However, usually only lipid soluble or lipophilic drugs readily
cross cell membranes. It has been discovered that even
non-lipophilic drugs may cross cell membranes if the membrane to be
crossed is treated with a penetration enhancer. In addition to
aiding the diffusion of non-lipophilic drugs across cell membranes,
penetration enhancers also enhance the permeability of lipophilic
drugs.
[0118] Penetration enhancers may be classified as belonging to one
of five broad categories, i.e., surfactants, fatty acids, bile
salts, chelating agents, and non-chelating non-surfactants (Lee et
al., Critical Reviews in Therapeutic Drug Carrier Systems, 1991,
p.92). Each of the above mentioned classes of penetration enhancers
are described below in greater detail.
[0119] Surfactants: In connection with the present invention,
surfactants (or "surface-active agents") are chemical entities
which, when dissolved in an aqueous solution, reduce the surface
tension of the solution or the interfacial tension between the
aqueous solution and another liquid, with the result that
absorption of oligonucleotides through the mucosa is enhanced. In
addition to bile salts and fatty acids, these penetration enhancers
include, for example, sodium lauryl sulfate,
polyoxyethylene-9-lauryl ether and polyoxyethylene-20-cetyl ether)
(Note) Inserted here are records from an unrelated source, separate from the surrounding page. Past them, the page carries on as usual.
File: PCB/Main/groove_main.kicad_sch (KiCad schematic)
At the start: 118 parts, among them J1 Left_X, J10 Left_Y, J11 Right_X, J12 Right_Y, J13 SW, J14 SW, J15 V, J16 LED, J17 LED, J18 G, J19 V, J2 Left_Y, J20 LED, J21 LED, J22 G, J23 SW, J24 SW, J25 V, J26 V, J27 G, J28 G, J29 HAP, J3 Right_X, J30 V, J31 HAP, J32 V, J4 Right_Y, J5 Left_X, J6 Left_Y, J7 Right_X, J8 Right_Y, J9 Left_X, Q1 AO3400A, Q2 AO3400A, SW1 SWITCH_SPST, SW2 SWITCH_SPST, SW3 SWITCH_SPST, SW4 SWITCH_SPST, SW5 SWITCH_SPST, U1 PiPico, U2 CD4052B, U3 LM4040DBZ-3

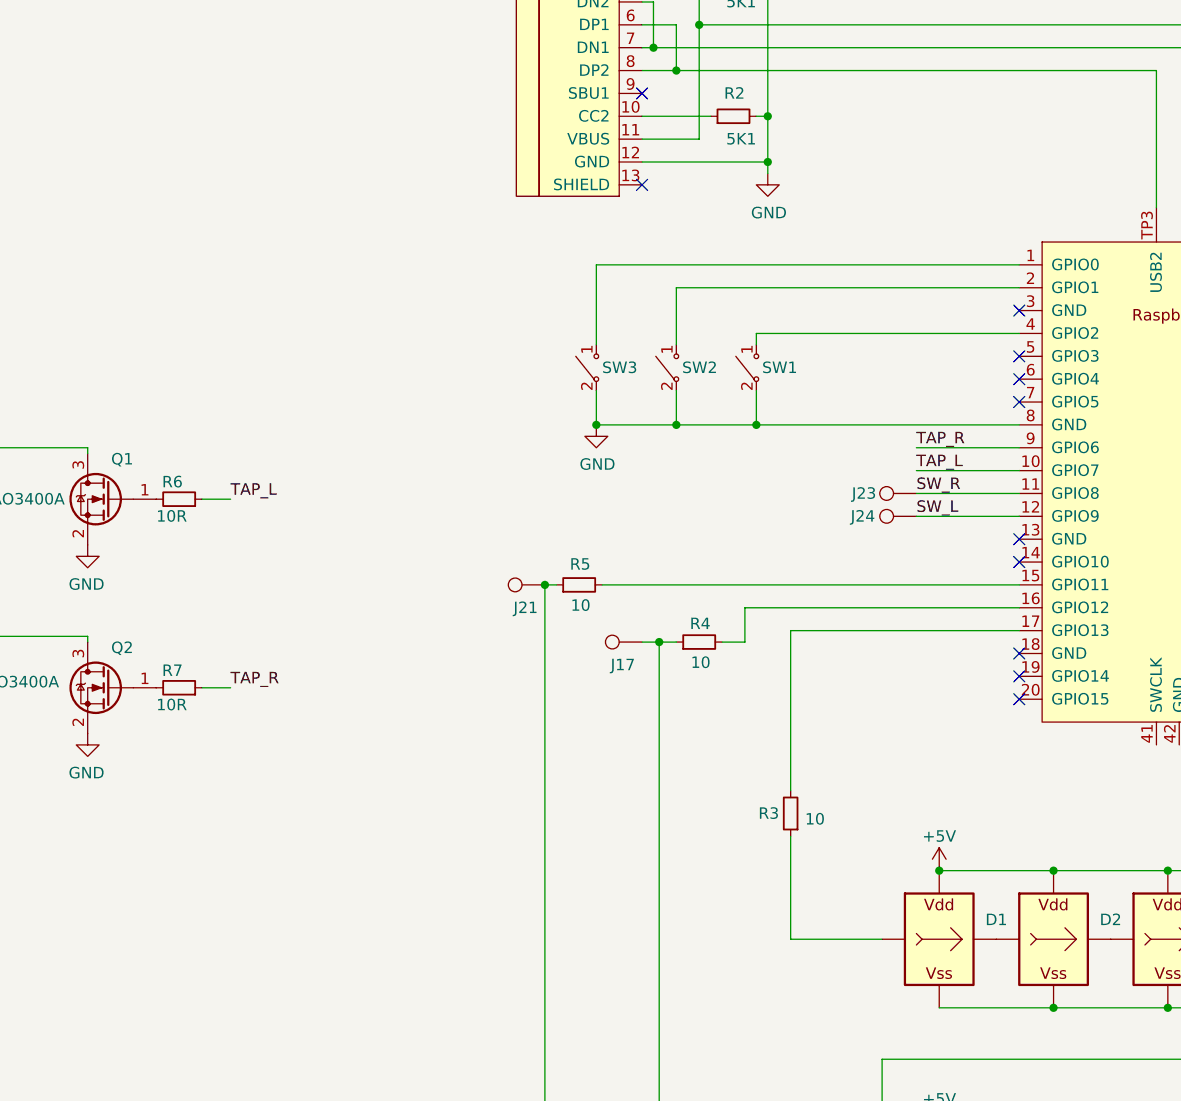
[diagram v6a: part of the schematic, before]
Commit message: PCB v1.21 (easier soldering)
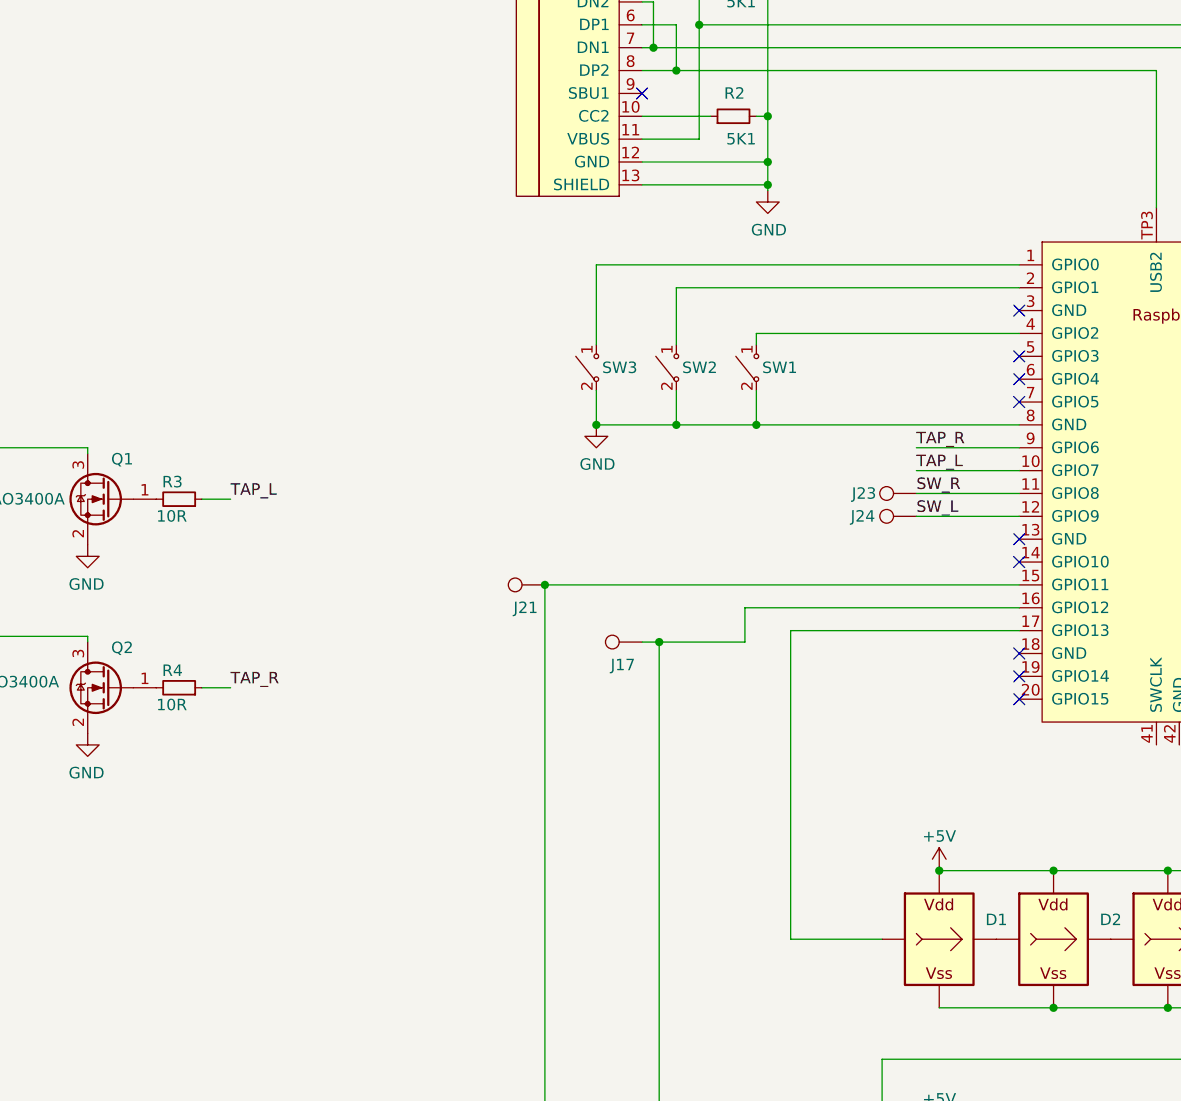
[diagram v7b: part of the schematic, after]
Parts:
- removed R3, R4, R5: 10, Resistor_SMD:R_0603_1608Metric, symbol Device:R_Small
- R1, R2: footprint Resistor_SMD:R_0603_1608Metric -> Resistor_SMD:R_0603_1608Metric_Pad0.98x0.95mm_HandSolder
- R3: renamed from R6; footprint Resistor_SMD:R_0603_1608Metric -> Resistor_SMD:R_0603_1608Metric_Pad0.98x0.95mm_HandSolder
- R4: renamed from R7; footprint Resistor_SMD:R_0603_1608Metric -> Resistor_SMD:R_0603_1608Metric_Pad0.98x0.95mm_HandSolder
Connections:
- net GND: now also USB1.13 (SHIELD)
- net at D20.I (In), J16.1, J17.1: now also U1.16 (GPIO12)
- net at D32.I (In), J20.1, J21.1: now also U1.15 (GPIO11)
- net at D1.I (In): now also U1.17 (GPIO13)
- no-connect marks 23 -> 22

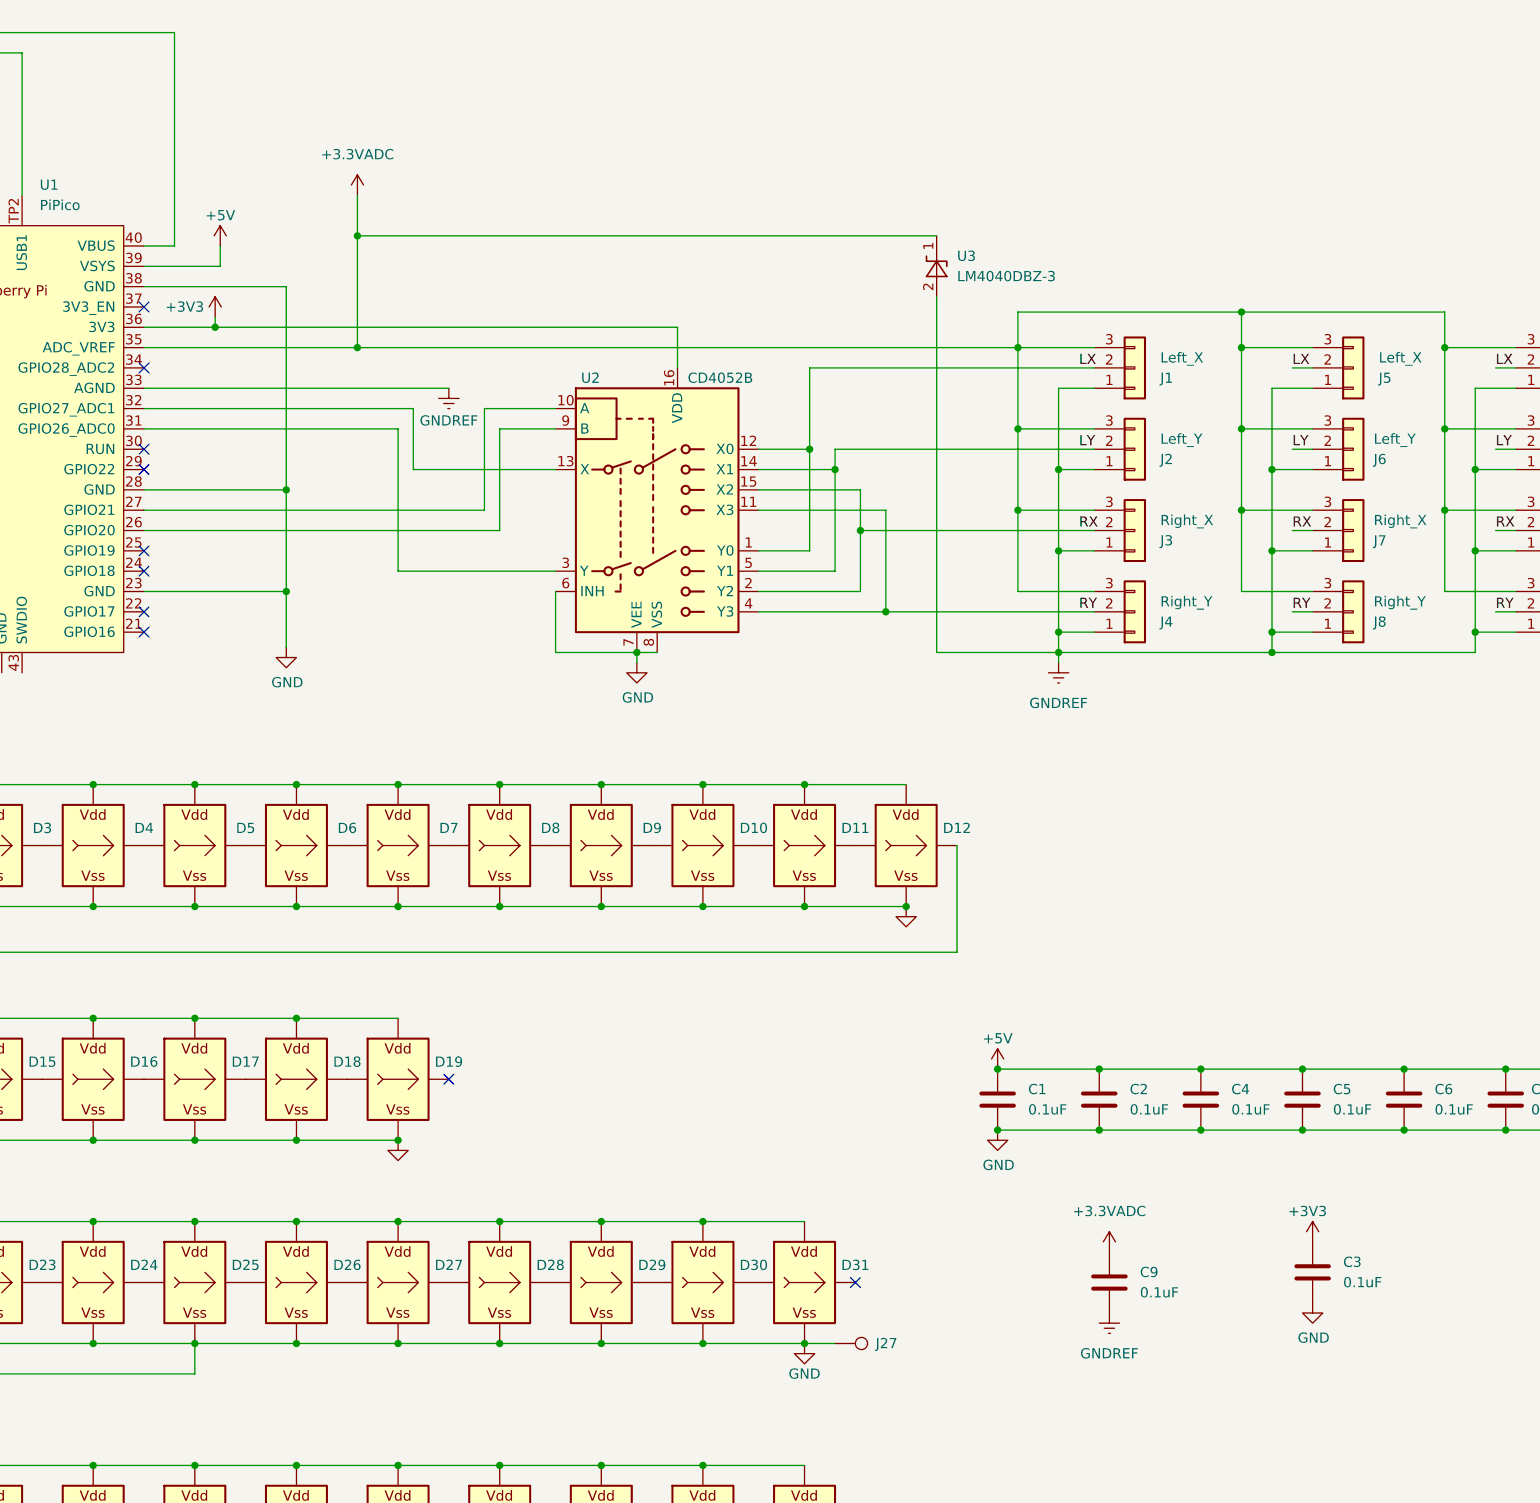
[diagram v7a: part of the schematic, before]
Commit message: Improve voltage reference design
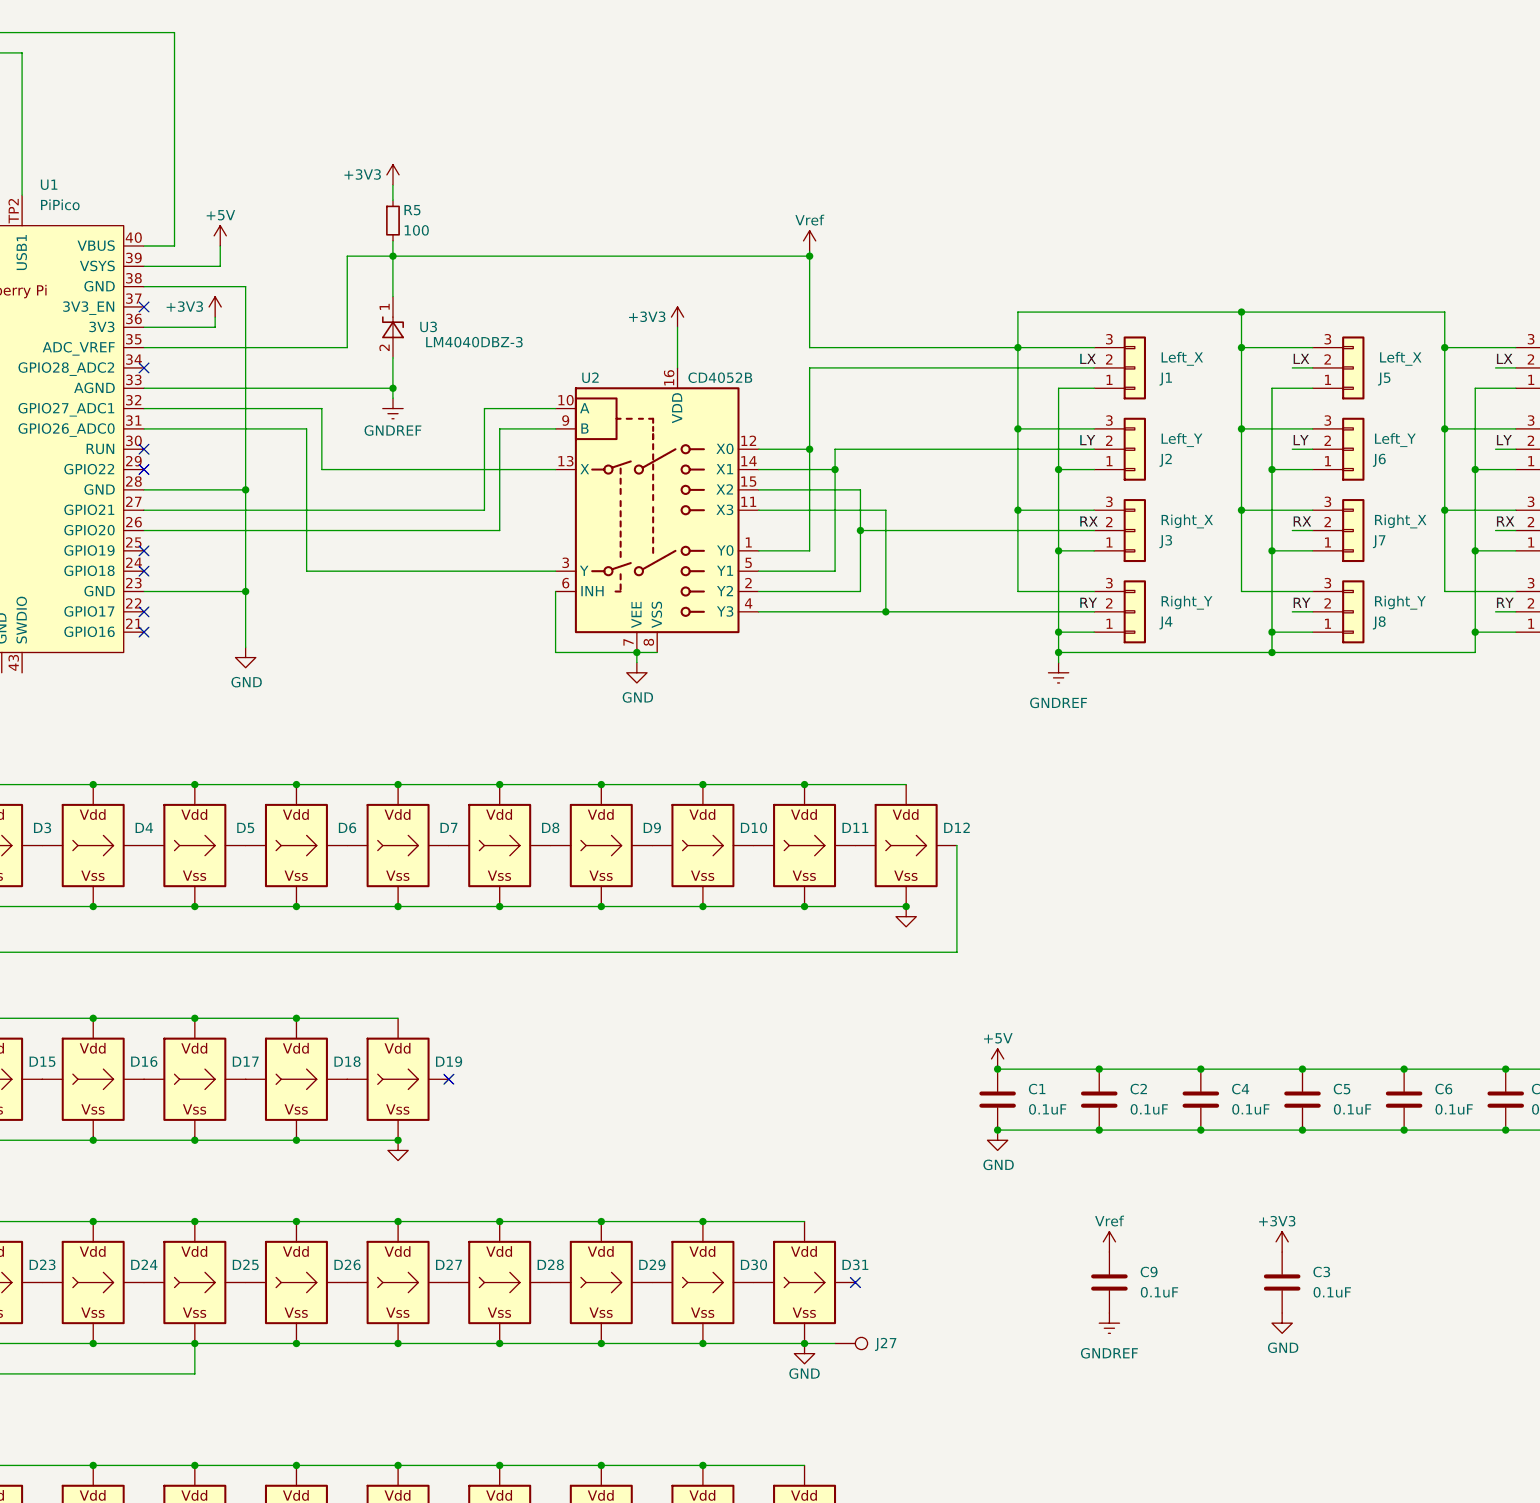
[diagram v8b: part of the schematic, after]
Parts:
- added R5: 100, Resistor_SMD:R_0603_1608Metric_Pad0.98x0.95mm_HandSolder, symbol Device:R_Small
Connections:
- net +3V3: now also R5.1
- net +3.3VADC renamed Vref
- net Vref: now also R5.2
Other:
- moved on the sheet: C3, U3

(Lee et al., Critical Reviews in Therapeutic Drug Carrier Systems,
1991, p.92); and perfluorochemical emulsions, such as FC-43.
Takahashi et al., J. Pharm. Pharmacol., 1988, 40, 252).
[0120] Fatty acids: Various fatty acids and their derivatives which
act as penetration enhancers include, for example, oleic acid,
lauric acid, capric acid (n-decanoic acid), myristic acid, palmitic
acid, stearic acid, linoleic acid, linolenic acid, dicaprate,
tricaprate, monoolein (1-monooleoyl-rac-glycerol), dilaurin,
caprylic acid, arachidonic acid, glycerol 1-monocaprate,
1-dodecylazacycloheptan-2-one, acylcarnitines, acylcholines,
C.sub.1-10 alkyl esters thereof (e.g., methyl, isopropyl and
t-butyl), and mono- and di-glycerides thereof (i.e., oleate,
laurate, caprate, myristate, palmitate, stearate, linoleate, etc.)
(Lee et al., Critical Reviews in Therapeutic Drug Carrier Systems,
1991, p.92; Muranishi, Critical Reviews in Therapeutic Drug Carrier
Systems, 1990, 7, 1-33; El Hariri et al., J. Pharm. Pharmacol.,
1992, 44, 651-654).
[0121] Bile salts: The physiological role of bile includes the
facilitation of dispersion and absorption of lipids and fat-soluble
vitamins (Brunton, Chapter 38 in: Goodman & Gilman's The
Pharmacological Basis of Therapeutics, 9th Ed., Hardman et al.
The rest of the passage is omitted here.